──────── PROVIDED INFORMATION

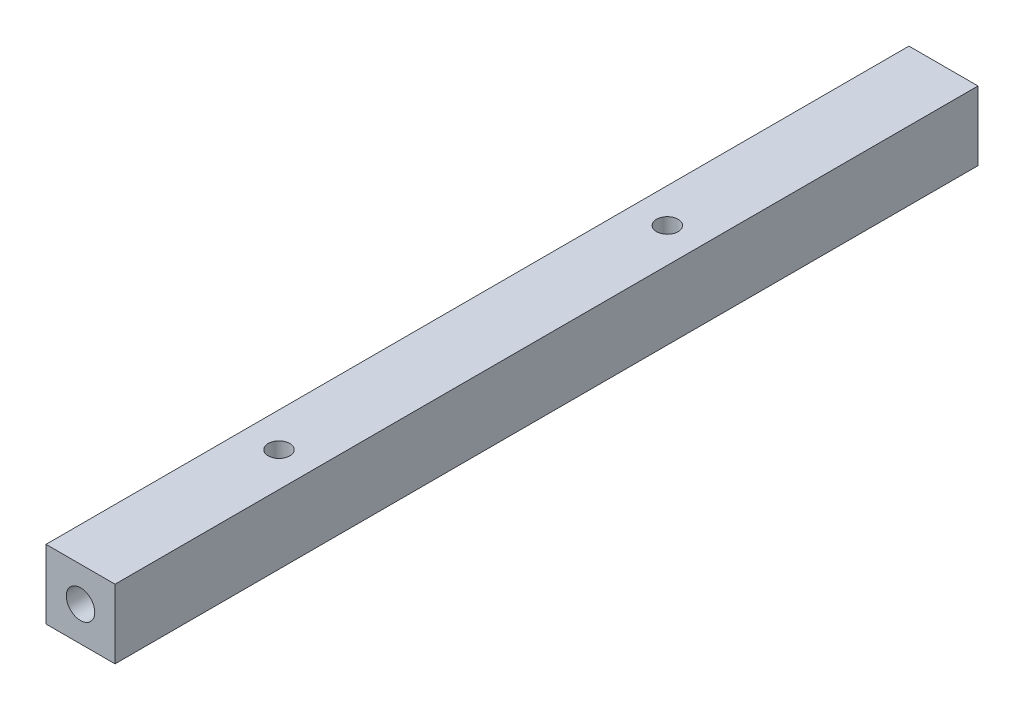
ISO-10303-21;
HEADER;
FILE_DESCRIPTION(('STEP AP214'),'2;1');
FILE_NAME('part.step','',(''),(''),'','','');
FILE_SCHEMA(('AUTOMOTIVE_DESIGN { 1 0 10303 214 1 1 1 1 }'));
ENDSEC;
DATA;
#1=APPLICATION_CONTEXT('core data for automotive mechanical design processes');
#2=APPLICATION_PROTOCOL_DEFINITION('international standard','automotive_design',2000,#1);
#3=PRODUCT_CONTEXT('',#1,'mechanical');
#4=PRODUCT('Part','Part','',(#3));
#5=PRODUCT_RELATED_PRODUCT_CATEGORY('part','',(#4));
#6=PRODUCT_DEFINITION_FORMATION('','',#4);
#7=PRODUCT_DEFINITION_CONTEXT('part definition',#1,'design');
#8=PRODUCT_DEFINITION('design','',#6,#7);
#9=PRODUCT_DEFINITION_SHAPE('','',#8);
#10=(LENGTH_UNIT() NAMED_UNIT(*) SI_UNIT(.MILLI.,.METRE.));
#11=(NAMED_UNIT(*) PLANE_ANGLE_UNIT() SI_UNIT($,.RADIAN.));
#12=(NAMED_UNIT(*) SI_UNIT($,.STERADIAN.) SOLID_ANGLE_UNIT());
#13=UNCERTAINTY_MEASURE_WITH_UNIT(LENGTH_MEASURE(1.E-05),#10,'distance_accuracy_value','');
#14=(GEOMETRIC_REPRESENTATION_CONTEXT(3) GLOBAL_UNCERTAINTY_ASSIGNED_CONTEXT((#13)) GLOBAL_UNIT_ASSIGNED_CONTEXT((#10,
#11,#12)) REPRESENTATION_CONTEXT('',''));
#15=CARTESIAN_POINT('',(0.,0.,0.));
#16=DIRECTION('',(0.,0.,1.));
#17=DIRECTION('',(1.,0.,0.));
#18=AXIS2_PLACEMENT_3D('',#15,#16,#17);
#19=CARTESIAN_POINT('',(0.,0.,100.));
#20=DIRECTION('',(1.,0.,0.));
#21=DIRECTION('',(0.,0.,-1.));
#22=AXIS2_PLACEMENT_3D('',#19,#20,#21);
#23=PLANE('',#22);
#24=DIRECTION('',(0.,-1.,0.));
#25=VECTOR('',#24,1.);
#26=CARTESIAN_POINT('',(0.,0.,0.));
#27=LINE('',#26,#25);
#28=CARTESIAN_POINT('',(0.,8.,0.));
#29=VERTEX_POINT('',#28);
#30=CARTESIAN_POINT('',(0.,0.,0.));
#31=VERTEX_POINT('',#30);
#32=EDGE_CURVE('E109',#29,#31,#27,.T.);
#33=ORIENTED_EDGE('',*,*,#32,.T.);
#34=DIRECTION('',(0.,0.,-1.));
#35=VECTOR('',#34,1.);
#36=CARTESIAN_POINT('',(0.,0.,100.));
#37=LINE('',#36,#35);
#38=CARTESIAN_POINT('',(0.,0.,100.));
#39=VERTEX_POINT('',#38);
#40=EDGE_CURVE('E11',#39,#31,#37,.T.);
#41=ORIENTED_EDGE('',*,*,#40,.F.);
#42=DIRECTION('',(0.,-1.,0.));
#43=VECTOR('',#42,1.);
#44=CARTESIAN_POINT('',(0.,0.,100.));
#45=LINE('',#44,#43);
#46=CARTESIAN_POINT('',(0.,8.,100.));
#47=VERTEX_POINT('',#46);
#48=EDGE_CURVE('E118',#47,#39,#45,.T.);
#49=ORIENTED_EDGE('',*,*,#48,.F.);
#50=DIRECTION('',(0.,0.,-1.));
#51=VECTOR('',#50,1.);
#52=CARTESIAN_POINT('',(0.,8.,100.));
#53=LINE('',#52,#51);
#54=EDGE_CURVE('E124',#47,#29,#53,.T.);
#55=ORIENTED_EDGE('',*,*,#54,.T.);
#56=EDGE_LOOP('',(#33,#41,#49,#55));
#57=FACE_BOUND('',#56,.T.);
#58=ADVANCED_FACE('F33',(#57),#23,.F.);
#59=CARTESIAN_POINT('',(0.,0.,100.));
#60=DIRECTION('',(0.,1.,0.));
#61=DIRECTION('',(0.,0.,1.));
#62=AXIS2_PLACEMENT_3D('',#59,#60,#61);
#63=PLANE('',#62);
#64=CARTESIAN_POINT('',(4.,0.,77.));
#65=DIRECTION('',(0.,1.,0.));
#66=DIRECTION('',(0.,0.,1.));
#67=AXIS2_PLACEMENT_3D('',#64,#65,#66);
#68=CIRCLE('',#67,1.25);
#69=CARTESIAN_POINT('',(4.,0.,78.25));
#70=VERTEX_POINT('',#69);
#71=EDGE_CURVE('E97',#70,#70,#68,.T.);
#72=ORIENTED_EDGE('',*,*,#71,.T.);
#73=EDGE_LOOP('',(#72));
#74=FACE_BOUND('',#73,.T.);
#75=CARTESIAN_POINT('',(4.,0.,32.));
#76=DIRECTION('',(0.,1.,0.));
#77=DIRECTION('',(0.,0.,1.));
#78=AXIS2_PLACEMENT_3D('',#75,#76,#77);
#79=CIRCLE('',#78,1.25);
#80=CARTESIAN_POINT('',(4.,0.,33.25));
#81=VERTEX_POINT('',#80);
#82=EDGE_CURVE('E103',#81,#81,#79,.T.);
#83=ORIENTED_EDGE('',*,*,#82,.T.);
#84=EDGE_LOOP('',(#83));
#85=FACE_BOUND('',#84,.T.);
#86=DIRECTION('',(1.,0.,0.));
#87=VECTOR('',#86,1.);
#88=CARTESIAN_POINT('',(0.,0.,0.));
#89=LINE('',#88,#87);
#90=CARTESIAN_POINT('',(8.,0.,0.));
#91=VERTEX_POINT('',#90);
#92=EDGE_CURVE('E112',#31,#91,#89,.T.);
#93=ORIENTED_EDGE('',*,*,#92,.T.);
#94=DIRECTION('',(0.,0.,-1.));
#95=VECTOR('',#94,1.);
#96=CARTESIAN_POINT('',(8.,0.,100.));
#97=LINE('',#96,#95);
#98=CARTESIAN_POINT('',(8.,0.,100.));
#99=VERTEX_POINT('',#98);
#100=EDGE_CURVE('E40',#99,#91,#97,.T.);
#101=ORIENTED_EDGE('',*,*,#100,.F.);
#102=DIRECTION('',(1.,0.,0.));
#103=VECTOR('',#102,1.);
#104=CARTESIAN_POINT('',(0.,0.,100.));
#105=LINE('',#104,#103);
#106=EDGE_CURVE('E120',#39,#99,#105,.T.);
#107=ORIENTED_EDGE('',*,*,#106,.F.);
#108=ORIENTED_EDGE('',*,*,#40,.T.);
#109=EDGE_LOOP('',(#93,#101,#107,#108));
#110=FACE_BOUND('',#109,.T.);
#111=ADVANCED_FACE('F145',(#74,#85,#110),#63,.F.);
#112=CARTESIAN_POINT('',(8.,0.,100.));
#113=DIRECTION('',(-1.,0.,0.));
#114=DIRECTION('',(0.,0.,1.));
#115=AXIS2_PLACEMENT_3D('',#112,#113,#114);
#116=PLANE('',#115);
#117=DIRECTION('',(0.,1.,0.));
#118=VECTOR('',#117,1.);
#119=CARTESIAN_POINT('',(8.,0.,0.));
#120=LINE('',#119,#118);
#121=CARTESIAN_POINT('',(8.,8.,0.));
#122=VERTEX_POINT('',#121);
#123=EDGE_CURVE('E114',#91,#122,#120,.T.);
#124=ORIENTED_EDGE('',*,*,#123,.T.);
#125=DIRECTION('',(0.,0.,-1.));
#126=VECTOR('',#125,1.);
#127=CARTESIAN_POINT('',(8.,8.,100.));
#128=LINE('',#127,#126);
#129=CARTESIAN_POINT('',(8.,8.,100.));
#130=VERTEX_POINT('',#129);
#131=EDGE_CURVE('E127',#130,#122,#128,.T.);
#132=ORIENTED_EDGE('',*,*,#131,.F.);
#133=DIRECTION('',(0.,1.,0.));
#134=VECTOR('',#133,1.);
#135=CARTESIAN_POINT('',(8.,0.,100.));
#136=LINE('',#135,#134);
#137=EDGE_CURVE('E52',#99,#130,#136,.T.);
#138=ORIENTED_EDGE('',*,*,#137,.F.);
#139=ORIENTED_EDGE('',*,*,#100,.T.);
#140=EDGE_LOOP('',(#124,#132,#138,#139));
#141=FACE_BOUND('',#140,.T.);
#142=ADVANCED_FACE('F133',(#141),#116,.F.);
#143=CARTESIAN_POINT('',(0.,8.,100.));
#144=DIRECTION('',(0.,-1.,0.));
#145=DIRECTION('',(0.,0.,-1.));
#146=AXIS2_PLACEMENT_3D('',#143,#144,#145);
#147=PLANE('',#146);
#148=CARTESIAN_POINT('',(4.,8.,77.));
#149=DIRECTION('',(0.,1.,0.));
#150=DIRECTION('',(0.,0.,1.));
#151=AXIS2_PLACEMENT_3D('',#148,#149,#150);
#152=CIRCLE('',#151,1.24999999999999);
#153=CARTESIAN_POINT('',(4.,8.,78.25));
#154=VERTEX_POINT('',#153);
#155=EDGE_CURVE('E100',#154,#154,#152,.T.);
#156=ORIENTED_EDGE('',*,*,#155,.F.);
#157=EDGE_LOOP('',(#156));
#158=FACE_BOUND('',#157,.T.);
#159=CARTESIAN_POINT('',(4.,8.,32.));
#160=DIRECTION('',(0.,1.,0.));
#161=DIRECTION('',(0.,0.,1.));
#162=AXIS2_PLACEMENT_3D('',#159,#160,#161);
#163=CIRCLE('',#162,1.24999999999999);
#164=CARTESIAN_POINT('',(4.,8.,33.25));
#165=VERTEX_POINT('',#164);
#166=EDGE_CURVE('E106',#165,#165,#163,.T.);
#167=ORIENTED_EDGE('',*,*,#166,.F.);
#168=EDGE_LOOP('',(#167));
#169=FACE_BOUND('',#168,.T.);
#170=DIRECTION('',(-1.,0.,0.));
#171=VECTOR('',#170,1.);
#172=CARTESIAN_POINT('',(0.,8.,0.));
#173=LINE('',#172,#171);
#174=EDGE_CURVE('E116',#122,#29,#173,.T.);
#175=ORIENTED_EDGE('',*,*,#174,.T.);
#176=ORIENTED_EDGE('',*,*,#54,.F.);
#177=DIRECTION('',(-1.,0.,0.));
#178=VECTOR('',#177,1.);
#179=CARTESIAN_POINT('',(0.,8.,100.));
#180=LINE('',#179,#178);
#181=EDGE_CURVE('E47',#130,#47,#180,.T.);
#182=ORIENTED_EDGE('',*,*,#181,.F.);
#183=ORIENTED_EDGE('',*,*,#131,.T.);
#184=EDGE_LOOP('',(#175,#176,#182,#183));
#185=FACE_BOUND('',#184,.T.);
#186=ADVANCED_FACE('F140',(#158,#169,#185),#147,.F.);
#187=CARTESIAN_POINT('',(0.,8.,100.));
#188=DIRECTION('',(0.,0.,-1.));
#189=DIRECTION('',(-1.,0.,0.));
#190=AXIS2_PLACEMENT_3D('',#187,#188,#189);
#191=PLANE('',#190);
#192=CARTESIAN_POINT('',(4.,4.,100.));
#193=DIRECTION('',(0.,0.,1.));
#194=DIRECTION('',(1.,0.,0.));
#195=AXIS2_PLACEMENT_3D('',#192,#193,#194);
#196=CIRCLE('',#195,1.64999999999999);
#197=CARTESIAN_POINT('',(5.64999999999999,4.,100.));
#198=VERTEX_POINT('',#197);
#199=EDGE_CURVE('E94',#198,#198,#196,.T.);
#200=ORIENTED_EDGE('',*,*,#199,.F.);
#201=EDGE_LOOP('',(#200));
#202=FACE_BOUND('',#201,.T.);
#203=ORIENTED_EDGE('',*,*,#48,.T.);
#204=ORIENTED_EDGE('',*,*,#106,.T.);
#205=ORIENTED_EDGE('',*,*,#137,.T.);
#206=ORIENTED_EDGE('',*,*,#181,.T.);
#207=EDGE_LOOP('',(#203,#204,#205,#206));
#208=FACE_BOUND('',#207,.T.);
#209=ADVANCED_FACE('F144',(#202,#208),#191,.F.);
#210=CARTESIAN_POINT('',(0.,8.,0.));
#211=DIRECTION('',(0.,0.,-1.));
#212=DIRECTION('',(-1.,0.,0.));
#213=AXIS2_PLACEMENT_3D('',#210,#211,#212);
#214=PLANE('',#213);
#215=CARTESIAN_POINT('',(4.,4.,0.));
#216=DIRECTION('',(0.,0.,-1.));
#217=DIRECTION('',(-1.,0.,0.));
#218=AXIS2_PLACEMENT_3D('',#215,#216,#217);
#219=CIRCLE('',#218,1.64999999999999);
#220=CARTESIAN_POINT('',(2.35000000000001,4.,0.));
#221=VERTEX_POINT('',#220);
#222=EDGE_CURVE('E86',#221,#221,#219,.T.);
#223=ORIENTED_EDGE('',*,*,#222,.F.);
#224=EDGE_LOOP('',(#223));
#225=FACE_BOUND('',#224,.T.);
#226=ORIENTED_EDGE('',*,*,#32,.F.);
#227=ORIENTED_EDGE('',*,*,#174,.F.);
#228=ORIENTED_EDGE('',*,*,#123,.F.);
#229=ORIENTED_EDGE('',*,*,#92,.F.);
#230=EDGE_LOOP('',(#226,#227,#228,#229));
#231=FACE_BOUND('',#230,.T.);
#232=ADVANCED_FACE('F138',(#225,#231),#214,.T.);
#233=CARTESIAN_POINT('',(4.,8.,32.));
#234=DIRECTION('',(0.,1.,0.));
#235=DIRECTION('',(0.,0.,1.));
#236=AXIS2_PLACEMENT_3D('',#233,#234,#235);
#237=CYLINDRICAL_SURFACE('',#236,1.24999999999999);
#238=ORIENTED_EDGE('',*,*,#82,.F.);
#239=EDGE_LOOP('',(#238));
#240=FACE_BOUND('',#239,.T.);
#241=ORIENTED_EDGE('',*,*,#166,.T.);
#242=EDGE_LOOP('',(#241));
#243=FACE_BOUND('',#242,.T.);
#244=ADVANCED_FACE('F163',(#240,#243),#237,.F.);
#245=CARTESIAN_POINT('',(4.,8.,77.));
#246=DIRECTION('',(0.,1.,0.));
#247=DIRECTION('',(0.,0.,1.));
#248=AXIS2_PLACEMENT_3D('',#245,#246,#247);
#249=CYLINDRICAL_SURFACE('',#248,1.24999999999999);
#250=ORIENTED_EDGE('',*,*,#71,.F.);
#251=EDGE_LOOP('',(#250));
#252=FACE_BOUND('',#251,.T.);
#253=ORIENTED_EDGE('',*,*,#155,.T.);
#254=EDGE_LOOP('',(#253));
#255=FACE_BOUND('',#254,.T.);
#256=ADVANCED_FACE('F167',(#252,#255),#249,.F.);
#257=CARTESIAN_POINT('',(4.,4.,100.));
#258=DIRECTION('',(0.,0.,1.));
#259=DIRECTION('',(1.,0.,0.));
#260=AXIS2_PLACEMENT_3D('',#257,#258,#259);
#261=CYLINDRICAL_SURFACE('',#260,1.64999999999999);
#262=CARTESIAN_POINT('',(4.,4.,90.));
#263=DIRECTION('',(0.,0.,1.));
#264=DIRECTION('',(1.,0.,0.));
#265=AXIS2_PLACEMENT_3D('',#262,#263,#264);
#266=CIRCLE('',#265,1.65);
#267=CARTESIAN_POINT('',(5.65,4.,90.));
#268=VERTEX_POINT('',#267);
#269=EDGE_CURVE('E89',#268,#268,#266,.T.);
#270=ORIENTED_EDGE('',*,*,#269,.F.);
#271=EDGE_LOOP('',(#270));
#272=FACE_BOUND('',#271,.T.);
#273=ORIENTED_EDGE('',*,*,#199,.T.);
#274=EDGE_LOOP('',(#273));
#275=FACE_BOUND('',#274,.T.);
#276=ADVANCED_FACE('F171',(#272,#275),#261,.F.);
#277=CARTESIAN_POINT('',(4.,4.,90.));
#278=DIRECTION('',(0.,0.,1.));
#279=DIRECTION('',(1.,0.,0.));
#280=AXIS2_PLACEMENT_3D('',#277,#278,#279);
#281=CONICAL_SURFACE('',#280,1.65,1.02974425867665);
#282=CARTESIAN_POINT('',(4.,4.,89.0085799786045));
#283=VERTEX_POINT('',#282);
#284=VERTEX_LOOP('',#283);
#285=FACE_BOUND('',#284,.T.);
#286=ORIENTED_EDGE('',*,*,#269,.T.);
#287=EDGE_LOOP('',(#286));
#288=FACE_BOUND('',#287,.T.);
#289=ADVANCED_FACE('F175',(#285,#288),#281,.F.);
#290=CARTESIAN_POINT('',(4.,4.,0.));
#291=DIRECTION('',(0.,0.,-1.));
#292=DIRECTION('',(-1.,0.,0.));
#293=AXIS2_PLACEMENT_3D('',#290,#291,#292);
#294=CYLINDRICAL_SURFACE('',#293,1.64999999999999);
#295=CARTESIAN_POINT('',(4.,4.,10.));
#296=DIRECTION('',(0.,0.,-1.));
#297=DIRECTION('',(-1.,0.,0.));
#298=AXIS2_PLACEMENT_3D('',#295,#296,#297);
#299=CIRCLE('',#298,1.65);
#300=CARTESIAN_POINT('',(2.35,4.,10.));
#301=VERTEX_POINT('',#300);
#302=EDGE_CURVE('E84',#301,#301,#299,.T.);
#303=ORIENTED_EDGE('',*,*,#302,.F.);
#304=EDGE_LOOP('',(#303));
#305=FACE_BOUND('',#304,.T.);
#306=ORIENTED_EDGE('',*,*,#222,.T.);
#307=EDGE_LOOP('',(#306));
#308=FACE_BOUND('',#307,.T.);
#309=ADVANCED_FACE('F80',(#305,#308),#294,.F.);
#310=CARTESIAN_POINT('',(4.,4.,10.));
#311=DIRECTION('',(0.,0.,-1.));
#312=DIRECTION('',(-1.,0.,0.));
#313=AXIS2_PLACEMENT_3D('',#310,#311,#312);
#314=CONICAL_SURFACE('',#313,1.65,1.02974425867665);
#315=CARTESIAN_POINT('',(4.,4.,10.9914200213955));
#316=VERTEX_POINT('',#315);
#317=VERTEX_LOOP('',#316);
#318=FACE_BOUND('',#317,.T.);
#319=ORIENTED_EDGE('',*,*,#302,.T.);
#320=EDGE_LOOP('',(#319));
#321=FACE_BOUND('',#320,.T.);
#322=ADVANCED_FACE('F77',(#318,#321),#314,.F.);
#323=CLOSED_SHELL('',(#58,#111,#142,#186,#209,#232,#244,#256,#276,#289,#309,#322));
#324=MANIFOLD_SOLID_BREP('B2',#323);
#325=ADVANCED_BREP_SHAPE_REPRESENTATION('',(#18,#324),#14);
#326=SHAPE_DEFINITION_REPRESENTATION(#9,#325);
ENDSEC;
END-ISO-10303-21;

────────────────

◆ PROBLEM REQUIREMENTS: Repeat exactly the lines above from the one with "#163=CIRCLE('',#162,1.24999999999999);" up to and including the one with "#171=VECTOR('',#170,1.);". No other line belongs in the reply.

◆ YOUR RESPONSE:
#163=CIRCLE('',#162,1.24999999999999);
#164=CARTESIAN_POINT('',(4.,8.,33.25));
#165=VERTEX_POINT('',#164);
#166=EDGE_CURVE('E106',#165,#165,#163,.T.);
#167=ORIENTED_EDGE('',*,*,#166,.F.);
#168=EDGE_LOOP('',(#167));
#169=FACE_BOUND('',#168,.T.);
#170=DIRECTION('',(-1.,0.,0.));
#171=VECTOR('',#170,1.);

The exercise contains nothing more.